Vermont Revenues Improve
Montpelier — The latest revenue projections from the state’s Joint Fiscal Office show a $16 million surplus by the end of the fiscal year, which could impact imminent budget negotiations between the House and the Senate.
“Income tax has been strong this year,” said Stephen Klein, the group’s chief fiscal officer. Overall revenues for April were $26.8 million higher than expected, he said.
The disclosure by Klein came during his appearance yesterday before the House Ways and Means and House though figures haven’t been formally released by the administration.

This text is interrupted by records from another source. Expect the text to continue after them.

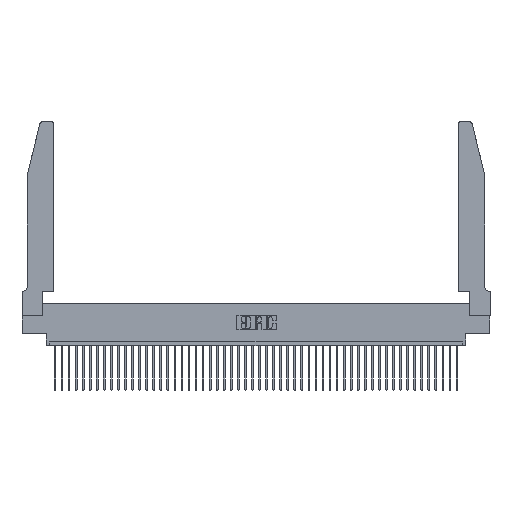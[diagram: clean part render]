
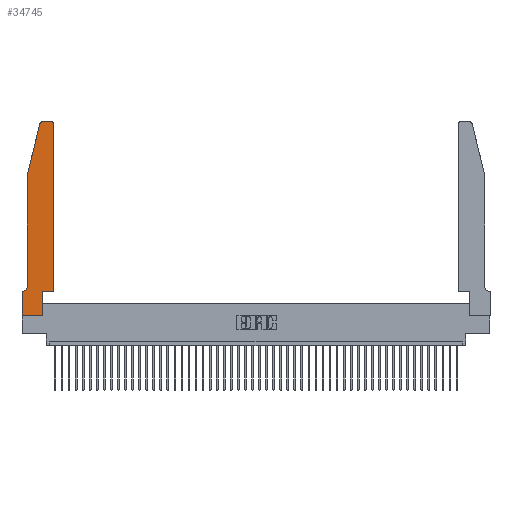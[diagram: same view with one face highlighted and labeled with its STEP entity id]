
A CAD part, top view. The second image highlights one B-rep face of the part: STEP entity #34745.
In plain terms, the highlighted planar face has unit normal (0, 0, 1).
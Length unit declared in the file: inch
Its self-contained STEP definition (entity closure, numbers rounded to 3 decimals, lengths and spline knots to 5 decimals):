
#438 = CARTESIAN_POINT ( 'NONE',  ( 0.0055, 0.42, 0.37 ) ) ;
#440 = VERTEX_POINT ( 'NONE', #17876 ) ;
#1009 = CARTESIAN_POINT ( 'NONE',  ( 0., 0.35, 0.37 ) ) ;
#1030 = VERTEX_POINT ( 'NONE', #17021 ) ;
#1452 = CARTESIAN_POINT ( 'NONE',  ( 0.0055, 0.35, 0.37 ) ) ;
#2603 = ORIENTED_EDGE ( 'NONE', *, *, #14239, .T. ) ;
#3032 = ORIENTED_EDGE ( 'NONE', *, *, #37084, .T. ) ;
#3192 = EDGE_CURVE ( 'NONE', #15993, #36032, #41313, .T. ) ;
#3917 = EDGE_LOOP ( 'NONE', ( #44996, #25421, #3032, #40512, #15349, #2603, #17271, #12594, #40435, #36946, #3952, #14620 ) ) ;
#3952 = ORIENTED_EDGE ( 'NONE', *, *, #25418, .T. ) ;
#4081 = EDGE_CURVE ( 'NONE', #42849, #36885, #8629, .T. ) ;
#4087 = DIRECTION ( 'NONE',  ( -1., 0., 0. ) ) ;
#4482 = DIRECTION ( 'NONE',  ( 0., 0., 1. ) ) ;
#4581 = AXIS2_PLACEMENT_3D ( 'NONE', #41774, #31440, #20452 ) ;
#4766 = EDGE_CURVE ( 'NONE', #18306, #26096, #33886, .T. ) ;
#4794 = LINE ( 'NONE', #11411, #44642 ) ;
#6952 = VECTOR ( 'NONE', #37085, 39.37008 ) ;
#7285 = FACE_OUTER_BOUND ( 'NONE', #3917, .T. ) ;
#7562 = CARTESIAN_POINT ( 'NONE',  ( 0.4505, 0.35, 0.37 ) ) ;
#7686 = DIRECTION ( 'NONE',  ( 0., 0., -1. ) ) ;
#8522 = EDGE_CURVE ( 'NONE', #440, #42849, #41020, .T. ) ;
#8629 = LINE ( 'NONE', #45023, #36201 ) ;
#8940 = CARTESIAN_POINT ( 'NONE',  ( 0.284, 2.75, 0.37 ) ) ;
#9356 = VECTOR ( 'NONE', #4087, 39.37008 ) ;
#10119 = LINE ( 'NONE', #19204, #40344 ) ;
#10783 = AXIS2_PLACEMENT_3D ( 'NONE', #1009, #4482, #15293 ) ;
#10837 = AXIS2_PLACEMENT_3D ( 'NONE', #438, #7686, #44504 ) ;
#11411 = CARTESIAN_POINT ( 'NONE',  ( 0.0755, 2., 0.37 ) ) ;
#11543 = EDGE_CURVE ( 'NONE', #1030, #15993, #24538, .T. ) ;
#12594 = ORIENTED_EDGE ( 'NONE', *, *, #8522, .T. ) ;
#13058 = VECTOR ( 'NONE', #44558, 39.37008 ) ;
#14239 = EDGE_CURVE ( 'NONE', #20291, #38337, #10119, .T. ) ;
#14620 = ORIENTED_EDGE ( 'NONE', *, *, #38447, .T. ) ;
#15293 = DIRECTION ( 'NONE',  ( 1., 0., 0. ) ) ;
#15349 = ORIENTED_EDGE ( 'NONE', *, *, #38170, .T. ) ;
#15993 = VERTEX_POINT ( 'NONE', #8940 ) ;
#16375 = CARTESIAN_POINT ( 'NONE',  ( 0.0755, 0.42, 0.37 ) ) ;
#16569 = CARTESIAN_POINT ( 'NONE',  ( 0., 0., 0.37 ) ) ;
#17021 = CARTESIAN_POINT ( 'NONE',  ( 0.4205, 2.75, 0.37 ) ) ;
#17271 = ORIENTED_EDGE ( 'NONE', *, *, #25568, .T. ) ;
#17876 = CARTESIAN_POINT ( 'NONE',  ( 0., 0., 0.37 ) ) ;
#18306 = VERTEX_POINT ( 'NONE', #23604 ) ;
#18610 = EDGE_CURVE ( 'NONE', #36885, #26460, #36575, .T. ) ;
#19204 = CARTESIAN_POINT ( 'NONE',  ( 0.0755, 0.35, 0.37 ) ) ;
#19304 = CIRCLE ( 'NONE', #10837, 0.07 ) ;
#19356 = CARTESIAN_POINT ( 'NONE',  ( 0.4505, 0.35, 0.37 ) ) ;
#19443 = CARTESIAN_POINT ( 'NONE',  ( 0.4505, 0.35, 0.37 ) ) ;
#19965 = CARTESIAN_POINT ( 'NONE',  ( 0., 0., 0.37 ) ) ;
#20291 = VERTEX_POINT ( 'NONE', #1452 ) ;
#20452 = DIRECTION ( 'NONE',  ( 1., 0., 0. ) ) ;
#21210 = LINE ( 'NONE', #19965, #34716 ) ;
#23604 = CARTESIAN_POINT ( 'NONE',  ( 0.0755, 2., 0.37 ) ) ;
#23731 = DIRECTION ( 'NONE',  ( 0., -1., 0. ) ) ;
#24184 = CARTESIAN_POINT ( 'NONE',  ( 0.4505, 2.72, 0.37 ) ) ;
#24538 = LINE ( 'NONE', #25587, #9356 ) ;
#25418 = EDGE_CURVE ( 'NONE', #26460, #37340, #46420, .T. ) ;
#25421 = ORIENTED_EDGE ( 'NONE', *, *, #3192, .T. ) ;
#25568 = EDGE_CURVE ( 'NONE', #38337, #440, #21210, .T. ) ;
#25587 = CARTESIAN_POINT ( 'NONE',  ( 0.2605, 2.75, 0.37 ) ) ;
#26096 = VERTEX_POINT ( 'NONE', #16375 ) ;
#26126 = DIRECTION ( 'NONE',  ( 1., 0., 0. ) ) ;
#26460 = VERTEX_POINT ( 'NONE', #19443 ) ;
#27244 = CARTESIAN_POINT ( 'NONE',  ( 0.25487, 2.72718, 0.37 ) ) ;
#27692 = CARTESIAN_POINT ( 'NONE',  ( 0.2865, 0.35, 0.37 ) ) ;
#27775 = CARTESIAN_POINT ( 'NONE',  ( 0.2865, 0., 0.37 ) ) ;
#30161 = CARTESIAN_POINT ( 'NONE',  ( 0.4205, 2.72, 0.37 ) ) ;
#30329 = DIRECTION ( 'NONE',  ( 1., 0., 0. ) ) ;
#30754 = VECTOR ( 'NONE', #44386, 39.37008 ) ;
#31440 = DIRECTION ( 'NONE',  ( 0., 0., 1. ) ) ;
#33175 = VECTOR ( 'NONE', #26126, 39.37008 ) ;
#33787 = DIRECTION ( 'NONE',  ( 0., 0., 1. ) ) ;
#33886 = LINE ( 'NONE', #44953, #6952 ) ;
#34716 = VECTOR ( 'NONE', #23731, 39.37008 ) ;
#34745 = ADVANCED_FACE ( 'NONE', ( #7285 ), #36682, .T. ) ;
#35641 = CIRCLE ( 'NONE', #46344, 0.03 ) ;
#36032 = VERTEX_POINT ( 'NONE', #27244 ) ;
#36201 = VECTOR ( 'NONE', #44696, 39.37008 ) ;
#36575 = LINE ( 'NONE', #19356, #13058 ) ;
#36682 = PLANE ( 'NONE',  #10783 ) ;
#36885 = VERTEX_POINT ( 'NONE', #27692 ) ;
#36946 = ORIENTED_EDGE ( 'NONE', *, *, #18610, .T. ) ;
#37084 = EDGE_CURVE ( 'NONE', #36032, #18306, #4794, .T. ) ;
#37085 = DIRECTION ( 'NONE',  ( 0., -1., 0. ) ) ;
#37340 = VERTEX_POINT ( 'NONE', #24184 ) ;
#38170 = EDGE_CURVE ( 'NONE', #26096, #20291, #19304, .T. ) ;
#38337 = VERTEX_POINT ( 'NONE', #39324 ) ;
#38447 = EDGE_CURVE ( 'NONE', #37340, #1030, #35641, .T. ) ;
#39324 = CARTESIAN_POINT ( 'NONE',  ( 0., 0.35, 0.37 ) ) ;
#40344 = VECTOR ( 'NONE', #44888, 39.37008 ) ;
#40435 = ORIENTED_EDGE ( 'NONE', *, *, #4081, .T. ) ;
#40512 = ORIENTED_EDGE ( 'NONE', *, *, #4766, .T. ) ;
#41020 = LINE ( 'NONE', #16569, #33175 ) ;
#41313 = CIRCLE ( 'NONE', #4581, 0.03 ) ;
#41774 = CARTESIAN_POINT ( 'NONE',  ( 0.284, 2.72, 0.37 ) ) ;
#42849 = VERTEX_POINT ( 'NONE', #27775 ) ;
#44386 = DIRECTION ( 'NONE',  ( 0., 1., 0. ) ) ;
#44504 = DIRECTION ( 'NONE',  ( -1., 0., 0. ) ) ;
#44558 = DIRECTION ( 'NONE',  ( 1., 0., 0. ) ) ;
#44642 = VECTOR ( 'NONE', #45592, 39.37008 ) ;
#44696 = DIRECTION ( 'NONE',  ( 0., 1., 0. ) ) ;
#44888 = DIRECTION ( 'NONE',  ( -1., 0., 0. ) ) ;
#44953 = CARTESIAN_POINT ( 'NONE',  ( 0.0755, 2., 0.37 ) ) ;
#44996 = ORIENTED_EDGE ( 'NONE', *, *, #11543, .T. ) ;
#45023 = CARTESIAN_POINT ( 'NONE',  ( 0.2865, 0.35, 0.37 ) ) ;
#45592 = DIRECTION ( 'NONE',  ( -0.239, -0.971, 0. ) ) ;
#46344 = AXIS2_PLACEMENT_3D ( 'NONE', #30161, #33787, #30329 ) ;
#46420 = LINE ( 'NONE', #7562, #30754 ) ;

The takeaway of Klein’s remarks for lawmakers is that there could be more money available for reserves
“It’s more likely now that there will be money for the federal sequestration and for the rainy day fund from the surplus, so it may affect the negotiations on the budget,” Klein said in an interview.
But House Speaker Shap Smith also cautioned yesterday during a news conference that rosy revenue forecasts don’t necessarily address the state’s revenue and spending needs in 2014.
“I don’t think we’re going to be in a situation where we would up the forecast at this point and time in the session,” Smith said. “So a rosier outlook on revenues doesn’t necessarily mean additional spending in 2014, but I do think it might give us some comfort on the issue of reserves.”
House Appropriations chair Martha Heath, D-Westford, signaled her willingness to stow away lesser reserves in light of the new information to her Senate counterpart, Jane Kitchel, D-Caledonia. Heath’s remarks came as a budget conference committee met for the first time, to schedule meetings every day next week.
A surplus “could obviate our need for reserves,” said Heath at that initial meeting yesterday afternoon. Three members from the two Appropriations committees will bargain over differences in their budget language all of next week.
State senators set aside no reserves in their budget vote earlier this week.
Under current law, a quarter of any fiscal surplus in June goes toward the state’s ‘rainy day’ fund, with another quarter poured into a fund which compensates for cuts in federal funding. Half of any surplus goes to the education fund, and a special property tax relief fund.
The three members from House and Senate Appropriations on the six member committee are: Reps. Heath, Mitzi Johnson, D-Grand Isle, and Anne O’Brien, D-Richmond, alongside Sens. Kitchel, Dick Sears, D-Bennington, and Diane Snelling, R-Chittenden.